## [DATA FOR REVIEW]
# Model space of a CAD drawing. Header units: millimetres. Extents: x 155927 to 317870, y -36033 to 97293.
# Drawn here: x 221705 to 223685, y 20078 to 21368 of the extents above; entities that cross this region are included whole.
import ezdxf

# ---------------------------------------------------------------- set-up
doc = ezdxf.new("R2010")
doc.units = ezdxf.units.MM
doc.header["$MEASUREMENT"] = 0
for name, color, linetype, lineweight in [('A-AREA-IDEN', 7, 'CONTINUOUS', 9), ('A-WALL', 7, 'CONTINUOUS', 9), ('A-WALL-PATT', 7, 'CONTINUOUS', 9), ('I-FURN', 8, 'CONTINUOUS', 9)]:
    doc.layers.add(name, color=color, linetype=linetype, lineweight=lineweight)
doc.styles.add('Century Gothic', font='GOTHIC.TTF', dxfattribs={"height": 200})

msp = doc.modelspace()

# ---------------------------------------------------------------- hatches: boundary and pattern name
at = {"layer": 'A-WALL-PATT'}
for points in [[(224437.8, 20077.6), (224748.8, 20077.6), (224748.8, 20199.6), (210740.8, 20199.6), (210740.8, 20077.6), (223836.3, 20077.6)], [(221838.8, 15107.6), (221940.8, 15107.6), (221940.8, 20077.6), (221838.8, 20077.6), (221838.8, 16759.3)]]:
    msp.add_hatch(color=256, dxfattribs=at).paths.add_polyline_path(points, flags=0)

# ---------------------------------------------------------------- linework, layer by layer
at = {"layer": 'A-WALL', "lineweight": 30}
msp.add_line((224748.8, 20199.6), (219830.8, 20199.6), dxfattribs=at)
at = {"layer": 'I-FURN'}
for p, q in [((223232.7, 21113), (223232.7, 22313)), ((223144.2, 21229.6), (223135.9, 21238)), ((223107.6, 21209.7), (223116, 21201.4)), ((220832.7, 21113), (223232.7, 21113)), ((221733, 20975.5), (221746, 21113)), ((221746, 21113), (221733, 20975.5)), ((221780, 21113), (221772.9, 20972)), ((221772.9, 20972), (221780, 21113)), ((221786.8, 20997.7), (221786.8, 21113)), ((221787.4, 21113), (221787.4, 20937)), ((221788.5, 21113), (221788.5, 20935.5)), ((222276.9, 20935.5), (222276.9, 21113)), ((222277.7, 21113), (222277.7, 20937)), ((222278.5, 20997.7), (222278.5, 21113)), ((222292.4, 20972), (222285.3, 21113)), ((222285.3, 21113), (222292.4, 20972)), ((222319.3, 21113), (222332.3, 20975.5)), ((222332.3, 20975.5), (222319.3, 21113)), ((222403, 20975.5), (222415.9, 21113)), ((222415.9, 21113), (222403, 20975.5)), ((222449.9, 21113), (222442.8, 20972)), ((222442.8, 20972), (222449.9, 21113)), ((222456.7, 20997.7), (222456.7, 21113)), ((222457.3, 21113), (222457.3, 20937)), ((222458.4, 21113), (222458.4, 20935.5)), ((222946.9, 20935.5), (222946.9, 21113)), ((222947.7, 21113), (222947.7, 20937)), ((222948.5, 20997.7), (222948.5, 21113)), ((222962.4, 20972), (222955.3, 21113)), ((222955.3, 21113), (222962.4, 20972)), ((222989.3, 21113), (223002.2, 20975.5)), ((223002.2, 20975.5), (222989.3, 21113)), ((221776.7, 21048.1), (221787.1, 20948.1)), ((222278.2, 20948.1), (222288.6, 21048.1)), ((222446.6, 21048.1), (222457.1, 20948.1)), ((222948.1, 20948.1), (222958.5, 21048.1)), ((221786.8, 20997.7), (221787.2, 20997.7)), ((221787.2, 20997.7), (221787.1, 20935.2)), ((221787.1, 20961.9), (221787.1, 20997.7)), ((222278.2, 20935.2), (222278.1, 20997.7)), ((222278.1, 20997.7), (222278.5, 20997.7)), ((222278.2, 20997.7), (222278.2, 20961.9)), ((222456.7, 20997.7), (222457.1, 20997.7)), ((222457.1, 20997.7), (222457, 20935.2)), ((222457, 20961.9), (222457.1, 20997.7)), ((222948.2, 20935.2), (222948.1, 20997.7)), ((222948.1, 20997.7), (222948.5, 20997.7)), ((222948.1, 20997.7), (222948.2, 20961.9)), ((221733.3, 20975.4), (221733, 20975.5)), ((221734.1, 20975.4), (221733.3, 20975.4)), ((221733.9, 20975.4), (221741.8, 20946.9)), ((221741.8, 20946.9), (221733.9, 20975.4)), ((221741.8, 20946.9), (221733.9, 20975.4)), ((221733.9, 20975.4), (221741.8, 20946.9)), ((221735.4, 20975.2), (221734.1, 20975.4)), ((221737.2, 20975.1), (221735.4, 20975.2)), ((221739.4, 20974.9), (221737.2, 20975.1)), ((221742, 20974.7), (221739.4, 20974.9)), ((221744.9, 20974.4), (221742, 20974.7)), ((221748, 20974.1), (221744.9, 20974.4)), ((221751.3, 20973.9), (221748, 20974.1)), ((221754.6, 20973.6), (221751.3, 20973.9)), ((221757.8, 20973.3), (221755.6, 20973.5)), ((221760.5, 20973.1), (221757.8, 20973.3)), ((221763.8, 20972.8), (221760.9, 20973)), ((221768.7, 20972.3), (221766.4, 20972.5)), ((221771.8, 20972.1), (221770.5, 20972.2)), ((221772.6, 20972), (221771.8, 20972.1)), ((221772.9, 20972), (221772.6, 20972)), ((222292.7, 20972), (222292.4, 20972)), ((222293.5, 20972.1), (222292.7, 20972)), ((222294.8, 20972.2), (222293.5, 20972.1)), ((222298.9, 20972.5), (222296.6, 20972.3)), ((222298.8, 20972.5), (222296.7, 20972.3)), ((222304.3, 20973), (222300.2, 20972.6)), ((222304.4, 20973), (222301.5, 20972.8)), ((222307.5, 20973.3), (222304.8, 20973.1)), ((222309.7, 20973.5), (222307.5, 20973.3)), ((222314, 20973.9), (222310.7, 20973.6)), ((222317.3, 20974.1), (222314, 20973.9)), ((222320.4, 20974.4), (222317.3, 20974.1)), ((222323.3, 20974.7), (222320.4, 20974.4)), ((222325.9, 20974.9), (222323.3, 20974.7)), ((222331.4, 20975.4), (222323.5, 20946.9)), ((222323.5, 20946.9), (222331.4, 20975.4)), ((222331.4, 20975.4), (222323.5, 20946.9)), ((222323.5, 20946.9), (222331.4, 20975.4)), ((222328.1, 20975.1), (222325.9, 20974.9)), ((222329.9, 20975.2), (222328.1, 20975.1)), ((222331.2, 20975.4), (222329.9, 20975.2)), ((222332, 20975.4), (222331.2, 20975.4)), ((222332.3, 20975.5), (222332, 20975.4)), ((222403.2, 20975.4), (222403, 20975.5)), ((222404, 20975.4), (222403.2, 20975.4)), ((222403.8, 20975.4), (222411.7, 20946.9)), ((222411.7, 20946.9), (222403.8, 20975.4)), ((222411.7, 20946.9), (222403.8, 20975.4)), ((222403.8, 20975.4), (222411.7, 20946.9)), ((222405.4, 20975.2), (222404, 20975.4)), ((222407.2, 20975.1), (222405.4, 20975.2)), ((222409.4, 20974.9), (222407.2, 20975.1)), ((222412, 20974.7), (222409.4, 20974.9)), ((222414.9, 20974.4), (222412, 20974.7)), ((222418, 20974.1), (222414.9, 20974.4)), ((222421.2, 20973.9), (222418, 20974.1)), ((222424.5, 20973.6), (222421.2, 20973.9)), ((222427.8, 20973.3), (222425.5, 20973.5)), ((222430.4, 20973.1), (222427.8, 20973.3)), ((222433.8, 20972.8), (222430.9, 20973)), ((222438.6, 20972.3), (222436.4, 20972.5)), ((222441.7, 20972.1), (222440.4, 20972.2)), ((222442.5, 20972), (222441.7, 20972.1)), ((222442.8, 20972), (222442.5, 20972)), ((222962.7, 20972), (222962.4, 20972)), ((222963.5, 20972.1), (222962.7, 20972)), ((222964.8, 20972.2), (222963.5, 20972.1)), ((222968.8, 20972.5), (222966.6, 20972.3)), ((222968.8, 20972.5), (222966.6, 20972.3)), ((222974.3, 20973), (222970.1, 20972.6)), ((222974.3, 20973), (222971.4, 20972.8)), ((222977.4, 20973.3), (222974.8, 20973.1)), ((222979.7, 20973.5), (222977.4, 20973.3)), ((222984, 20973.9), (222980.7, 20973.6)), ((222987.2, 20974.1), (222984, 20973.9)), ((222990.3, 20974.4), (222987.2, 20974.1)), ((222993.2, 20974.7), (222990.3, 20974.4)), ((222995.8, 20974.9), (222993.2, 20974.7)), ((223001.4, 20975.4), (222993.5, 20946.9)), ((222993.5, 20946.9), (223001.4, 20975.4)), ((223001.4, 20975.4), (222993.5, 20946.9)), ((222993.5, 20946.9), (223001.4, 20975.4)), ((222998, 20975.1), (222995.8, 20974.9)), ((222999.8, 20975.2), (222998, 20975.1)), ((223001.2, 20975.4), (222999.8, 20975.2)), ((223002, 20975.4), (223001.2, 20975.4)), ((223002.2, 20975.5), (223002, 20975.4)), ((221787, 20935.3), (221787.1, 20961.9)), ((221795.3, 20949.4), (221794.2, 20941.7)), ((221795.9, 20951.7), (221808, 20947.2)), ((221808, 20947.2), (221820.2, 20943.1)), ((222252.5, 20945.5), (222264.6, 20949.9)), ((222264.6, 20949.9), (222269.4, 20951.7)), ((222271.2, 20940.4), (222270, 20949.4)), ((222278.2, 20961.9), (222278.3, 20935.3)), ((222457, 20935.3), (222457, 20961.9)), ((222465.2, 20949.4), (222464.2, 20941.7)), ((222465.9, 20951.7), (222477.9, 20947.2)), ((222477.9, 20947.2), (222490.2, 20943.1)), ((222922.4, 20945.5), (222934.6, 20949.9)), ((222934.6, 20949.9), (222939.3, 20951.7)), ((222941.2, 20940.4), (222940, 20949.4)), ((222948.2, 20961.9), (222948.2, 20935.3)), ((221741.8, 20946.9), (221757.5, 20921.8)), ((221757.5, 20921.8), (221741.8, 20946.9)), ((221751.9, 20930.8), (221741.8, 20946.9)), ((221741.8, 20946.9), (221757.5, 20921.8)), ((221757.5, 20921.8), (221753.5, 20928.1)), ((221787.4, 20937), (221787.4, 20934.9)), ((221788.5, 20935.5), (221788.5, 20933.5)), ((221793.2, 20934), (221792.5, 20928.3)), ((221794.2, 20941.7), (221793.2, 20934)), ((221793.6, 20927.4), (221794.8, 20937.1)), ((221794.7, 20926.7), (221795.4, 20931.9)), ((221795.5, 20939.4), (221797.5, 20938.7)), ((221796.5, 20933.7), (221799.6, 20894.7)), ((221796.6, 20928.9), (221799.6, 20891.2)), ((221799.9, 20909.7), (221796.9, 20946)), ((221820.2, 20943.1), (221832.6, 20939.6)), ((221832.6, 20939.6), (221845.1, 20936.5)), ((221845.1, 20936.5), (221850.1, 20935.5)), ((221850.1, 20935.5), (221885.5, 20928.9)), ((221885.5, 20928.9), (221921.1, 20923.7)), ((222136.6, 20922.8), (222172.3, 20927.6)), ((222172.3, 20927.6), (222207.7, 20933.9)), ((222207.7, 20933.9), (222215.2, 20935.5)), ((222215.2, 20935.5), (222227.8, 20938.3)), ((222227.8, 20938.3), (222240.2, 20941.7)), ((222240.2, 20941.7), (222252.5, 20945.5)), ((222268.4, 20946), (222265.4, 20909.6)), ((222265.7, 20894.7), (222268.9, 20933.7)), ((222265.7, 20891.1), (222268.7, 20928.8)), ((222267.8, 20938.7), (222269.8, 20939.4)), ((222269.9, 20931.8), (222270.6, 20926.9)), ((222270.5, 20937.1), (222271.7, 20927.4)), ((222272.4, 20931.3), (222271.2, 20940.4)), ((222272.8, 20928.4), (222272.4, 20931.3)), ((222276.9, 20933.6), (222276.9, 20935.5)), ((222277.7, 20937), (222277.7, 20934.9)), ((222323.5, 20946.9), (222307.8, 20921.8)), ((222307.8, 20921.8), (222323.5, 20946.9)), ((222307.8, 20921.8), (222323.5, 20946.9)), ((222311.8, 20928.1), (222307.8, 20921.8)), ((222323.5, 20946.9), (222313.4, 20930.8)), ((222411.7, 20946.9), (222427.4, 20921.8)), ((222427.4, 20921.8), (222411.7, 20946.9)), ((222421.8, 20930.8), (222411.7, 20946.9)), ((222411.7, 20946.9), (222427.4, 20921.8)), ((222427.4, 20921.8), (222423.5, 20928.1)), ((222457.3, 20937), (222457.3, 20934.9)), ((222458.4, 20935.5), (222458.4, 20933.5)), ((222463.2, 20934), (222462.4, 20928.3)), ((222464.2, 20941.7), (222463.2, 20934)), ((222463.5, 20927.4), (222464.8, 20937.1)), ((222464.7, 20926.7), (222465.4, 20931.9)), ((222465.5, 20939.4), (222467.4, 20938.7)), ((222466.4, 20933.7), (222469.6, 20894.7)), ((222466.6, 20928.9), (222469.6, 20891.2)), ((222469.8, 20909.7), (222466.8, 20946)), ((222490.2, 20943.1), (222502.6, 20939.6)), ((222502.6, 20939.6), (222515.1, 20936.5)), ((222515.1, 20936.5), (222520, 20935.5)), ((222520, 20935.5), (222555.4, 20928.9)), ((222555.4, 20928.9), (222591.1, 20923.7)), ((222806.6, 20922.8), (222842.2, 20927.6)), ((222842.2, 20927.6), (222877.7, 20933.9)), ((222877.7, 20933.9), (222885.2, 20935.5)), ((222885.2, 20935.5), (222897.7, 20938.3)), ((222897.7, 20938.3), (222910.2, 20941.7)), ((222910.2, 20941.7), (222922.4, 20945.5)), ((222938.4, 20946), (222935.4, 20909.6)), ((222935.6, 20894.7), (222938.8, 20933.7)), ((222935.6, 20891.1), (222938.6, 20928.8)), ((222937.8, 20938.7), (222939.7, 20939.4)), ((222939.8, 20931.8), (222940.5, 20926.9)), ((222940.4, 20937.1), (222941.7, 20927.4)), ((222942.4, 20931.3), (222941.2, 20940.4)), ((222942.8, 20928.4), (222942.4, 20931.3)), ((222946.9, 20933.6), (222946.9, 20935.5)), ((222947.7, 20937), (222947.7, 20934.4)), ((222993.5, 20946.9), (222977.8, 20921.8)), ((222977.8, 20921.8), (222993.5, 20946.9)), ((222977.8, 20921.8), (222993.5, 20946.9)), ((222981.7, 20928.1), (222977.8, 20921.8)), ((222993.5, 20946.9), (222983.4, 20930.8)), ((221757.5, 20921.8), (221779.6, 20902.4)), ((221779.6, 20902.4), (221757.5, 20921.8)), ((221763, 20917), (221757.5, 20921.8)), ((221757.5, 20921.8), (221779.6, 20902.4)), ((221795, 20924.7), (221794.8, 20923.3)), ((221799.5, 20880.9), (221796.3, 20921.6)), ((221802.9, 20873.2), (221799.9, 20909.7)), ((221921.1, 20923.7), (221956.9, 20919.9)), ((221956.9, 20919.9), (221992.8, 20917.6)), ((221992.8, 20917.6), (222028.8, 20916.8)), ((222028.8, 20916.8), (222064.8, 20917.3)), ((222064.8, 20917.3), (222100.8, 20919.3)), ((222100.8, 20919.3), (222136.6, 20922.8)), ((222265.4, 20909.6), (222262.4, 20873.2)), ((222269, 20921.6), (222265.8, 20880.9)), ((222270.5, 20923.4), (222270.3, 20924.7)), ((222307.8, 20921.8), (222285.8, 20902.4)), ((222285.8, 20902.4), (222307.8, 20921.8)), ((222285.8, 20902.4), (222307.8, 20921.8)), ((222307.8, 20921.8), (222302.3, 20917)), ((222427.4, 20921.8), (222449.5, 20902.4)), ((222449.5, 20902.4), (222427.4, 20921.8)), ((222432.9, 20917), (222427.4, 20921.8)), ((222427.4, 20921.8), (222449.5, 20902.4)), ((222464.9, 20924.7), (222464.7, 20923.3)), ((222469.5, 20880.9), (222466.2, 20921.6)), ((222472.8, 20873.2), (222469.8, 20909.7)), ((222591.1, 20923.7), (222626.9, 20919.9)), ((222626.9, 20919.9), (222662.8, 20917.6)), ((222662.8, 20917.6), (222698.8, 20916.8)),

## [EXERCISE OBJECTIVE]
Only lines containing the word "ezdxf" matter here: count them in the entries and give the number, nothing else.

## [RESULT OF THE EXERCISE]
3